Further, the idea of a liberal arts education is based on an understanding of the human being as a rational creature. We have a human need to understand questions of "why" and "ought", not just "how". As such, it's suitable to the human person to develop the skills that allow us to reason about the human condition and about the problems we face in our lives and in society at large.

The liberal arts are skills that provide us with the ability to understand the things that surround us and reason about them. As such, some degree of liberal arts are (at least if we take seriously the idea that we all share a human dignity rather than being by nature either "servile" or "ruler" in type) necessary skills for all of us.

What that leaves open is the question of what relation (if any) the liberal arts bear modern education at various levels, and since I've already spent far too much time on this post, I'll try to begin addressing that in another post.

5 comments:

bearing said...

This is a really interesting part of the thread to me. I would like to explore this question:

What are the *modern* liberal arts? What collection of general skills would in today's world best serve the purpose of being the "skills of a free man?" What today would make a skilled, advanced generalist?

My first proposal is to replace Greek and Latin with English for non-English speakers, or with some other lingua franca depending on the region of the world you live and work in. Not that Latin isn't useful, but it stretches the imagination to think it has the same place today as it had in medieval times as an international and scholarly language. That is English today.

My second proposal is to take a good hard look at certain technical skills and ask oneself, are any of these necessary to understand in order to live in today's world?

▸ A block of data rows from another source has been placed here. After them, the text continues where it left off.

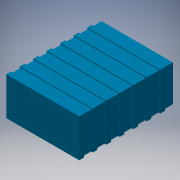
# Autodesk Inventor part: L16-TSV-8.1
Saved by Autodesk Inventor 2019 (Build 230136000, 136)
## iProperties
Created: 2013-02-18
Part Number: L16-TSV-8.1
Material: Generic
Document SubType Name: Modeling
Designer: user
Density: 1 g/cm^3
Mass: 1240.2 g
Surface Area: 825.366 cm^2
Volume: 1240.2 cm^3
Appearance: Sky Blue Medium
Description: BatteryBody
Author: user
Revision Number: 1
Autodesk Inventor part; units mm, degrees
ref_plane "YZ Plane" through (0, 0, 0) normal (1, 0, 0) x (0, 1, 0)
ref_plane "XZ Plane" through (0, 0, 0) normal (0, 1, 0) x (-1, 0, 0)
ref_plane "XY Plane" through (0, 0, 0) normal (0, 0, 1) x (1, 0, 0)
sketch "Sketch1" plane through (0, 0, 0) normal (0, 1, 0) x (-1, 0, 0)
  line L0 (62.25, -32.4) -> (-62.25, -32.4)
  line L1 (-62.25, -32.4) -> (-62.25, 32.4)
  line L2 (-62.25, 32.4) -> (62.25, 32.4)
  line L3 (62.25, 32.4) -> (62.25, -32.4)
  point P0 (0, 0)
  point P1 (62.25, 0)
  point P2 (0, -32.4)
  dimension "d0" = 124.5
  dimension "d2" = 64.8
  constraints: 8 end point, 2 midpoint, 2 parallel, 1 horizontal, 1 horizontal alignment, 1 perpendicular, 1 vertical alignment
  measures "d0" distance between parallel lines of L1 L3
  measures "d2" distance between parallel lines of L2 L0
extrude "Extrusion1" add sketch "Sketch1" along normal blind 161
sketch "Sketch2" plane through (-62.25, 0, 32.4) normal (0, 0, 1) x (1, 0, 0)
  line L0 (124.5, 0) -> (0, 0) projected
  line L1 (124.5, 0) -> (124.5, 161) projected
  line L2 (0, 0) -> (0, 161) projected
  line L3 (0, 23) -> (124.5, 23)
  line L4 (124.5, 23) -> (124.5, 8)
  line L5 (124.5, 8) -> (0, 8)
  line L6 (0, 8) -> (0, 23)
  line L7 (0, 31) -> (124.5, 31)
  line L8 (124.5, 31) -> (124.5, 46)
  line L9 (124.5, 46) -> (0, 46)
  line L10 (0, 46) -> (0, 31)
  line L11 (0, 54) -> (124.5, 54)
  line L12 (124.5, 54) -> (124.5, 69)
  line L13 (124.5, 69) -> (0, 69)
  line L14 (0, 69) -> (0, 54)
  line L15 (0, 77) -> (124.5, 77)
  line L16 (124.5, 77) -> (124.5, 92)
  line L17 (124.5, 92) -> (0, 92)
  line L18 (0, 92) -> (0, 77)
  line L19 (0, 100) -> (124.5, 100)
  line L20 (124.5, 100) -> (124.5, 115)
  line L21 (124.5, 115) -> (0, 115)
  line L22 (0, 115) -> (0, 100)
  line L23 (0, 123) -> (124.5, 123)
  line L24 (124.5, 123) -> (124.5, 138)
  line L25 (124.5, 138) -> (0, 138)
  line L26 (0, 138) -> (0, 123)
  line L27 (124.5, 146) -> (0, 146)
  line L28 (0, 146) -> (0, 161)
  line L29 (0, 161) -> (124.5, 161)
  line L30 (124.5, 161) -> (124.5, 146)
  point P0 (62.25, 0)
  dimension "d5" = 8
  dimension "d6" = 15
  dimension "d7" = 8
  dimension "d8" = 15
  dimension "d9" = 8
  dimension "d10" = 15
  dimension "d11" = 8
  dimension "d12" = 15
  dimension "d13" = 8
  dimension "d14" = 8
  dimension "d15" = 15
  dimension "d16" = 15
  dimension "d17" = 8
  dimension "d18" = 15
  constraints: 56 end point, 14 parallel, 7 horizontal, 7 perpendicular, 16 other
  measures "d5" distance between parallel lines of L0 L5
  measures "d6" distance between parallel lines of L5 L3
  measures "d7" distance between parallel lines of L3 L7
  measures "d8" distance between parallel lines of L7 L9
  measures "d9" distance between parallel lines of L9 L11
  measures "d10" distance between parallel lines of L11 L13
  measures "d11" distance between parallel lines of L13 L15
  measures "d12" distance between parallel lines of L15 L17
  measures "d13" distance between parallel lines of L17 L19
  measures "d14" distance between parallel lines of L23 L21
  measures "d15" distance between parallel lines of L19 L21
  measures "d16" distance between parallel lines of L23 L25
  measures "d17" distance between parallel lines of L25 L27
  measures "d18" distance between parallel lines of L27 L29
sketch "Sketch3" plane through (62.25, 0, -32.4) normal (0, 0, -1) x (-1, 0, 0)
  line L0 (0, 161) -> (124.5, 161) projected
  line L1 (0, 23) -> (124.5, 23)
  line L2 (124.5, 23) -> (124.5, 8)
  line L3 (124.5, 8) -> (0, 8)
  line L4 (0, 8) -> (0, 23)
  line L5 (0, 31) -> (124.5, 31)
  line L6 (124.5, 31) -> (124.5, 46)
  line L7 (124.5, 46) -> (0, 46)
  line L8 (0, 46) -> (0, 31)
  line L9 (0, 54) -> (124.5, 54)
  line L10 (124.5, 54) -> (124.5, 69)
  line L11 (124.5, 69) -> (0, 69)
  line L12 (0, 69) -> (0, 54)
  line L13 (0, 77) -> (124.5, 77)
  line L14 (124.5, 77) -> (124.5, 92)
  line L15 (124.5, 92) -> (0, 92)
  line L16 (0, 92) -> (0, 77)
  line L17 (0, 100) -> (124.5, 100)
  line L18 (124.5, 100) -> (124.5, 115)
  line L19 (124.5, 115) -> (0, 115)
  line L20 (0, 115) -> (0, 100)
  line L21 (0, 123) -> (124.5, 123)
  line L22 (124.5, 123) -> (124.5, 138)
  line L23 (124.5, 138) -> (0, 138)
  line L24 (0, 138) -> (0, 123)
  line L25 (124.5, 146) -> (0, 146)
  line L26 (0, 146) -> (0, 161)
  line L27 (0, 161) -> (124.5, 161)
  line L28 (124.5, 161) -> (124.5, 146)
  point P0 (62.25, 0)
  point P1 (62.25, 0)
  dimension "d20" = 15
  dimension "d21" = 8
  dimension "d22" = 15
  dimension "d23" = 8
  dimension "d24" = 15
  dimension "d25" = 8
  dimension "d26" = 15
  dimension "d27" = 8
  dimension "d28" = 8
  dimension "d29" = 15
  dimension "d30" = 15
  dimension "d31" = 8
  dimension "d32" = 15
  constraints: 56 end point, 14 parallel, 7 horizontal, 7 perpendicular, 1 collinear
  measures "d20" distance between parallel lines of L3 L1
  measures "d21" distance between parallel lines of L1 L5
  measures "d22" distance between parallel lines of L5 L7
  measures "d23" distance between parallel lines of L7 L9
  measures "d24" distance between parallel lines of L9 L11
  measures "d25" distance between parallel lines of L11 L13
  measures "d26" distance between parallel lines of L13 L15
  measures "d27" distance between parallel lines of L15 L17
  measures "d28" distance between parallel lines of L21 L19
  measures "d29" distance between parallel lines of L17 L19
  measures "d30" distance between parallel lines of L21 L23
  measures "d31" distance between parallel lines of L23 L25
  measures "d32" distance between parallel lines of L25 L27
extrude "Extrusion2" cut sketch "Sketch3" against normal blind 1.5
extrude "Extrusion3" cut sketch "Sketch2" against normal blind 1.5 contours L5 L2 L3 L1 | L7 L2 L9 L1 | L11 L2 L13 L1 | L15 L2 L17 L1 | L19 L2 L21 L1 | L23 L2 L25 L1 | L27 L2 L29 L1
sketch "Sketch5" plane through (62.25, 0, 32.4) normal (1, 0, 0) x (0, 0, -1)
  line L0 (1.5, 161) -> (63.3, 161)
  line L1 (63.3, 161) -> (63.3, 146)
  line L2 (63.3, 146) -> (1.5, 146)
  line L3 (1.5, 146) -> (1.5, 161)
  line L4 (1.5, 138) -> (63.3, 138)
  line L5 (63.3, 138) -> (63.3, 123)
  line L6 (63.3, 123) -> (1.5, 123)
  line L7 (1.5, 123) -> (1.5, 138)
  line L8 (1.5, 115) -> (63.3, 115)
  line L9 (63.3, 115) -> (63.3, 100)
  line L10 (63.3, 100) -> (1.5, 100)
  line L11 (1.5, 100) -> (1.5, 115)
  line L12 (1.5, 92) -> (63.3, 92)
  line L13 (63.3, 92) -> (63.3, 77)
  line L14 (63.3, 77) -> (1.5, 77)
  line L15 (1.5, 77) -> (1.5, 92)
  line L16 (1.5, 69) -> (63.3, 69)
  line L17 (63.3, 69) -> (63.3, 54)
  line L18 (63.3, 54) -> (1.5, 54)
  line L19 (1.5, 54) -> (1.5, 69)
  line L20 (1.5, 46) -> (63.3, 46)
  line L21 (63.3, 46) -> (63.3, 31)
  line L22 (63.3, 31) -> (1.5, 31)
  line L23 (1.5, 31) -> (1.5, 46)
  line L24 (1.5, 23) -> (63.3, 23)
  line L25 (63.3, 23) -> (63.3, 8)
  line L26 (63.3, 8) -> (1.5, 8)
  line L27 (1.5, 8) -> (1.5, 23)
  point P0 (32.4, 0)
  constraints: 56 end point, 14 parallel, 7 horizontal, 7 perpendicular
sketch "Sketch6" plane through (-62.25, 0, -32.4) normal (-1, 0, 0) x (0, 0, 1)
  line L0 (1.5, 161) -> (63.3, 161) projected
  line L1 (1.5, 161) -> (1.5, 146) projected
  line L2 (1.5, 161) -> (63.3, 161)
  line L3 (63.3, 161) -> (63.3, 146)
  line L4 (63.3, 146) -> (1.5, 146)
  line L5 (1.5, 146) -> (1.5, 161)
  line L6 (63.3, 138) -> (1.5, 138)
  line L7 (1.5, 138) -> (1.5, 123)
  line L8 (1.5, 123) -> (63.3, 123)
  line L9 (63.3, 123) -> (63.3, 138)
  line L10 (1.5, 115) -> (63.3, 115)
  line L11 (63.3, 115) -> (63.3, 100)
  line L12 (63.3, 100) -> (1.5, 100)
  line L13 (1.5, 100) -> (1.5, 115)
  line L14 (1.5, 92) -> (63.3, 92)
  line L15 (63.3, 92) -> (63.3, 77)
  line L16 (63.3, 77) -> (1.5, 77)
  line L17 (1.5, 77) -> (1.5, 92)
  line L18 (63.3, 69) -> (1.5, 69)
  line L19 (1.5, 69) -> (1.5, 54)
  line L20 (1.5, 54) -> (63.3, 54)
  line L21 (63.3, 54) -> (63.3, 69)
  line L22 (1.5, 46) -> (63.3, 46)
  line L23 (63.3, 46) -> (63.3, 31)
  line L24 (63.3, 31) -> (1.5, 31)
  line L25 (1.5, 31) -> (1.5, 46)
  line L26 (63.3, 23) -> (1.5, 23)
  line L27 (1.5, 23) -> (1.5, 8)
  line L28 (1.5, 8) -> (63.3, 8)
  line L29 (63.3, 8) -> (63.3, 23)
  point P0 (32.4, 0)
  constraints: 56 end point, 14 parallel, 7 horizontal, 7 perpendicular, 1 collinear, 1 point on line
extrude "Extrusion4" cut sketch "Sketch6" against normal blind 1.5
extrude "Extrusion5" cut sketch "Sketch5" against normal blind 1.5
equation "\"d0\" = BtWd"
equation "\"d2\" = BtDp"
equation "\"d3\" = BatteryHt"
equation "\"d5\" = RidgeWd"
equation "\"d6\" = RidgeGapWd"
equation "\"d7\" = d5"
equation "\"d8\" = d6"
equation "\"d9\" = d7"
equation "\"d10\" = d6"
equation "\"d11\" = d5"
equation "\"d12\" = d6"
equation "\"d13\" = d5"
equation "\"d14\" = d5"
equation "\"d15\" = d6"
equation "\"d16\" = d15"
equation "\"d17\" = d14"
equation "\"d18\" = d16"
equation "\"d20\" = d34"
equation "\"d21\" = d19"
equation "\"d22\" = d20"
equation "\"d23\" = d21"
equation "\"d24\" = d20"
equation "\"d25\" = d19"
equation "\"d26\" = d20"
equation "\"d27\" = d19"
equation "\"d28\" = d19"
equation "\"d29\" = d20"
equation "\"d30\" = d29"
equation "\"d31\" = d28"
equation "\"d32\" = d30"
equation "\"d36\" = RidgeThickness"
equation "\"d38\" = RidgeThickness"
equation "\"d40\" = RidgeThickness"
equation "\"d42\" = RidgeThickness"
equation "\"d19\" = d33"
equation "\"BtWd\" = 124.5"
equation "\"BtDp\" = 64.8"
equation "\"BatteryHt\" = 161"
equation "\"RidgeWd\" = 8"
equation "\"RidgeGapWd\" = 15"
equation "\"d34\" = 15"
equation "\"RidgeThickness\" = 1.5"
equation "\"d33\" = 8"
body "Solid1"

I'm inclined to suggest that notions of computer programming and other in-depth working with algorithms would be an important modern liberal art skill -- if you don't "get" the notion of an algorithm, there is a lot going on that you won't understand.

I am inclined to suggest that ethics, political philosophy, and history (esp. military history) all still belong as firmly as ever, as well as rhetoric, although all might require some updating.

Darwin said...

Ah, see, I'd been attempting to do a roughed out list of liberal arts in the modern age, but it made the post to sprawling, so I pasted it into a draft to draw out into a post later. Clearly I better get to that soon.

Darwin said...

BTW, I'm particularly curious, why the "(esp. military history)" parens?

bearing said...

Because it's been neglected, and I think it is necessary to understand international relations, which are more global now than they were in the middle ages.

Darwin said...

Makes total sense. And (as a bit of a military history fan) it would be great to see the pendulum of opinion finally turn form "we need less of military history because it's been emphasized for too long" to "gee, now we eliminated military history entirely and that was a bad idea, let's bring it back." Seems like after 40-50 years a change is in order.